ICML2025

Batch List-Decodable Linear Regression via Higher Moments

Ilias Diakonikolas, Daniel Kane, Sushrut Karmalkar, Sihan Liu, Thanasis Pittas

摘要

We study the task of list-decodable linear regression using batches. A batch is called clean if the points it contains are i.i.d. samples from an unknown linear regression distribution. For a parameter α ∈ (0, 1/2), an unknown α-fraction of the batches are clean and no assumptions are made on the remaining batches. The goal is to output a small list of vectors at least one of which is close to the true regressor vector in ℓ 2 -norm. [DJKS23] gave an efficient algorithm for this task, under natural distributional assumptions, with the following guarantee. Under the assumption that the batch size n satisfies n ≥ Ω(α -1 ) and the number of batches is m = poly(d, n, 1/α), their algorithm runs in polynomial time and outputs a list of O(1/α 2 ) vectors at least one of which is Õ(α -1/2 / √ n) close to the target regressor.
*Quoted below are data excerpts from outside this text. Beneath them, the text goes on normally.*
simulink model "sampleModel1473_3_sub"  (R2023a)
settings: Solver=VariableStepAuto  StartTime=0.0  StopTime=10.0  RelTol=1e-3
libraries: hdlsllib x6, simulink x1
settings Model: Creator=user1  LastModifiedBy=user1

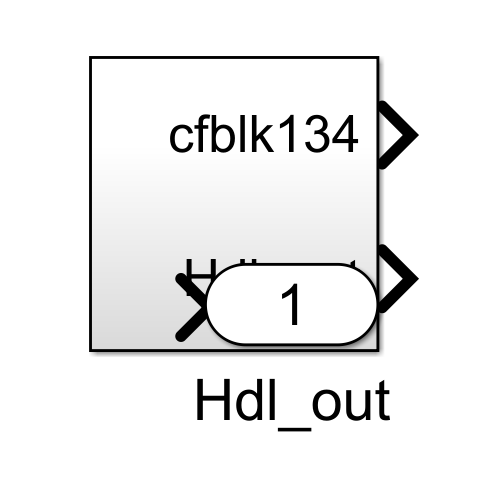
[thumbnail: Simulink's stored preview of the top-level diagram]
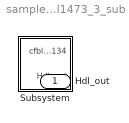
== system sampleModel1473_3_sub ==
  Subsystem : Subsystem
  Hdl_out : Outport  OutDataTypeStr=uint8

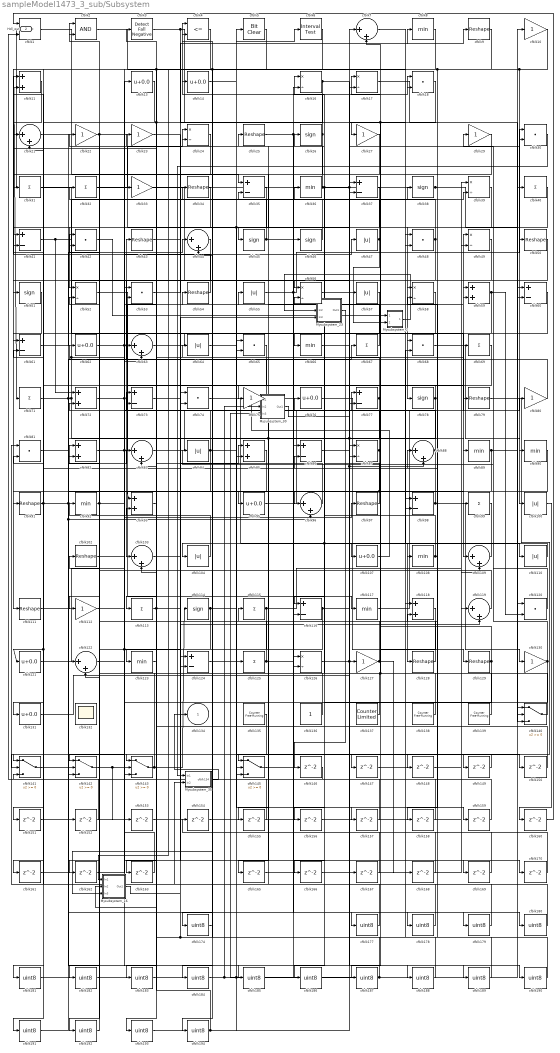
== system sampleModel1473_3_sub/Subsystem ==
  Mysubsystem_16 : Subsystem  TreatAsAtomicUnit=on  RTWFcnName=Mysubsystem_16
      settings: RTWFcnNameOpts=User specified  RTWFileNameOpts=Use function name
  Mysubsystem_2 : Subsystem  TreatAsAtomicUnit=on  RTWFcnName=Mysubsystem_2
      settings: RTWFcnNameOpts=User specified  RTWFileNameOpts=Use function name
  Mysubsystem_23 : Subsystem  TreatAsAtomicUnit=on  RTWFcnName=Mysubsystem_23
      settings: RTWFcnNameOpts=User specified  RTWFileNameOpts=Use function name
  Mysubsystem_30 : Subsystem  TreatAsAtomicUnit=on  RTWFcnName=Mysubsystem_30
      settings: RTWFcnNameOpts=User specified  RTWFileNameOpts=Use function name
  Mysubsystem_35 : Subsystem  TreatAsAtomicUnit=on  RTWFcnName=Mysubsystem_35
      settings: RTWFcnNameOpts=User specified  RTWFileNameOpts=Use function name
  cfblk1 : RelationalOperator  Operator=<=  OutDataTypeStr=boolean  InputSameDT=off
  cfblk{10,22..23,27,29,33,75,80,112,127,130} (11 alike) : Gain  OutDataTypeStr=uint8
  cfblk{47,55,57,64,84,100,104,110} (8 alike) : Abs  OutDataTypeStr=uint8  SaturateOnIntegerOverflow=off
  cfblk{9,25,34,43,50,54,79,91,97,102,111,128..129} (13 alike) : Reshape
  cfblk{7,21,44,63,83,88,96,103,109,119,122} (11 alike) : Sum  Inputs=|++  OutDataTypeStr=uint8
  cfblk{13..14,62,76,95,107,121,131} (8 alike) : Bias  Bias=0.0  SaturateOnIntegerOverflow=off
  cfblk{8,36,66,89..90,92,108,117,123} (9 alike) : MinMax  OutDataTypeStr=uint8
  cfblk{11,59,72,82,85,93,118} (7 alike) : Sum  OutDataTypeStr=uint8
  cfblk{31..32,40,67,69,71,99,113,115,125} (10 alike) : Sum  Inputs=+  OutDataTypeStr=uint8
  cfblk{26,38,45..46,51,78,114} (7 alike) : Signum
  cfblk{35,37,41,60..61,73,77,86,98,116,124} (11 alike) : Sum  Inputs=+-  OutDataTypeStr=uint8
  cfblk{18,30,42,48,53,65,68,74,81,120} (10 alike) : DotProduct  OutDataTypeStr=uint8
  cfblk{16..17,24,39,49,52,56,58,87,126} (10 alike) : Product  Inputs=*/  OutDataTypeStr=uint8  RndMeth=Zero  SaturateOnIntegerOverflow=on
  cfblk132 : Scope
      settings: Floating=on
  cfblk135 : hdlsllib/Sources/Counter Free-Running  NumBits=16  tsamp=-1
  cfblk136 : Constant  OutDataTypeStr=uint8  SampleTime=-1
  cfblk137 : hdlsllib/Sources/Counter Limited  uplimit=7  tsamp=-1
  cfblk138 : hdlsllib/Sources/Counter Free-Running  NumBits=16  tsamp=-1
  cfblk139 : hdlsllib/Sources/Counter Free-Running  NumBits=16  tsamp=-1
  cfblk{140..143,145} (5 alike) : Switch  OutDataTypeStr=uint8  SaturateOnIntegerOverflow=off  InputSameDT=off
  cfblk{146..163,165..170} (24 alike) : Delay  SampleTime=1
  cfblk{174,177..194} (19 alike) : DataTypeConversion  OutDataTypeStr=uint8  SaturateOnIntegerOverflow=off  RndMeth=Floor
  cfblk2 : Logic  AllPortsSameDT=off  OutDataTypeStr=boolean
  cfblk3 : hdlsllib/Logic and Bit Operations/Detect Fall Negative  vinit=0  OutDataTypeStr=uint8
  cfblk4 : RelationalOperator  Operator=<=  OutDataTypeStr=boolean  InputSameDT=off
  cfblk5 : simulink/Logic and Bit Operations/Bit Clear  iBit=0
      settings: LibrarySourceBlock=|
      | hdlsllib/Logic and Bit
      | Operations/Bit Clear
  cfblk6 : hdlsllib/Logic and Bit Operations/Interval Test  IntervalClosedRight=on  uplimit=0.5  IntervalClosedLeft=on  lowlimit=-0.5  OutDataTypeStr=uint8
  cfblk134 : Outport  OutDataTypeStr=uint8  VectorParamsAs1DForOutWhenUnconnected=off
  Hdl_out : Outport  Port=2  OutDataTypeStr=uint8
  wires:
  cfblk76/1 -> cfblk129/1
  cfblk26/1 -> cfblk4/2, cfblk111/1
  cfblk110/1 -> cfblk104/1
  cfblk32/1 -> cfblk24/1
  cfblk1/1 -> cfblk35/1
  cfblk8/1 -> cfblk174/1, cfblk193/1, cfblk71/1
  cfblk80/1 -> cfblk43/1
  cfblk79/1 -> cfblk142/1
  cfblk72/1 -> cfblk177/1, cfblk13/1
  cfblk71/1 -> cfblk98/2, cfblk98/1, cfblk55/1, cfblk38/1
  cfblk52/1 -> cfblk117/1
  cfblk139/1 -> cfblk16/1, cfblk77/1
  cfblk39/1 -> cfblk78/1
  cfblk54/1 -> cfblk11/1
  cfblk63/1 -> cfblk68/1
  cfblk44/1 -> cfblk103/1
  cfblk96/1 -> cfblk22/1
  cfblk35/1 -> cfblk145/3, cfblk121/1, cfblk141/1
  cfblk29/1 -> cfblk45/1
  cfblk131/1 -> cfblk57/1
  cfblk2/1 -> cfblk48/1
  cfblk3/1 -> cfblk27/1, cfblk48/2
  cfblk14/1 -> cfblk8/1
  cfblk83/1 -> cfblk49/1
  cfblk11/1 -> cfblk31/1
  cfblk85/1 -> cfblk91/1
  cfblk136/1 -> cfblk102/1
  cfblk98/1 -> cfblk11/2, cfblk130/1
  cfblk88/1 -> cfblk86/2, cfblk17/1
  cfblk77/1 -> cfblk116/2, cfblk21/1
  cfblk75/1 -> cfblk62/1, cfblk95/1, cfblk59/2
  cfblk145/1 -> cfblk46/1
  cfblk10/1 -> cfblk143/2, cfblk100/1
  cfblk97/1 -> cfblk36/1, cfblk93/1
  cfblk59/1 -> cfblk120/2, cfblk131/1
  cfblk65/1 -> cfblk181/1
  cfblk50/1 -> cfblk107/1
  cfblk87/1 -> cfblk192/1, cfblk24/2
  cfblk5/1 -> cfblk194/1
  cfblk118/1 -> cfblk187/1
  cfblk56/1 -> cfblk149/1, cfblk88/2
  cfblk58/1 -> cfblk113/1
  cfblk95/1 -> cfblk80/1
  cfblk82/1 -> cfblk76/1, cfblk54/1
  cfblk62/1 -> cfblk74/2, cfblk140/3, cfblk124/2
  cfblk78/1 -> cfblk75/1, cfblk87/2, cfblk155/1, cfblk142/2
  cfblk24/1 -> cfblk142/3
  cfblk22/1 -> cfblk112/1, cfblk127/1
  cfblk57/1 -> cfblk66/1
  cfblk143/1 -> cfblk42/2, cfblk114/1
  cfblk104/1 -> cfblk92/1
  cfblk60/1 -> cfblk184/1
  cfblk67/1 -> cfblk25/1
  cfblk41/1 -> cfblk72/1, cfblk109/1
  cfblk142/1 -> cfblk189/1, cfblk153/1
  cfblk129/1 -> cfblk156/1, cfblk7/2
  cfblk25/1 -> cfblk18/1, Mysubsystem_23/1(In1)
  cfblk114/1 -> cfblk162/1, cfblk6/1
  cfblk141/1 -> cfblk83/1
  cfblk47/1 -> cfblk34/1, Mysubsystem_2/2(In2)
  cfblk122/1 -> cfblk190/1
  cfblk33/1 -> cfblk87/1
  cfblk51/1 -> cfblk61/1
  cfblk117/1 -> cfblk10/1
  cfblk135/1 -> cfblk145/1
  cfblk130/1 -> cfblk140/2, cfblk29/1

Here we design a new polynomial-time algorithm for this task with significantly stronger guarantees under the assumption that the low-degree moments of the covariates distribution are Sum-of-Squares (SoS) certifiably bounded. Specifically, for any constant δ > 0, as long as the batch size is n ≥ Ω δ (α -δ ) and the degree-Θ(1/δ) moments of the covariates are SoS certifiably bounded, our algorithm uses m = poly((dn) 1/δ , 1/α) batches, runs in polynomial-time, and outputs an O(1/α)-sized list of vectors one of which is O(α -δ/2 / √ n) close to the target. That is, our algorithm achieves substantially smaller minimum batch size and final error, while achieving the optimal list size. Our approach leverages higher-order moment information by carefully combining the SoS paradigm interleaved with an iterative method and a novel list pruning procedure for this setting. In the process, we give an SoS proof of the Marcinkiewicz-Zygmund inequality that may be of broader applicability.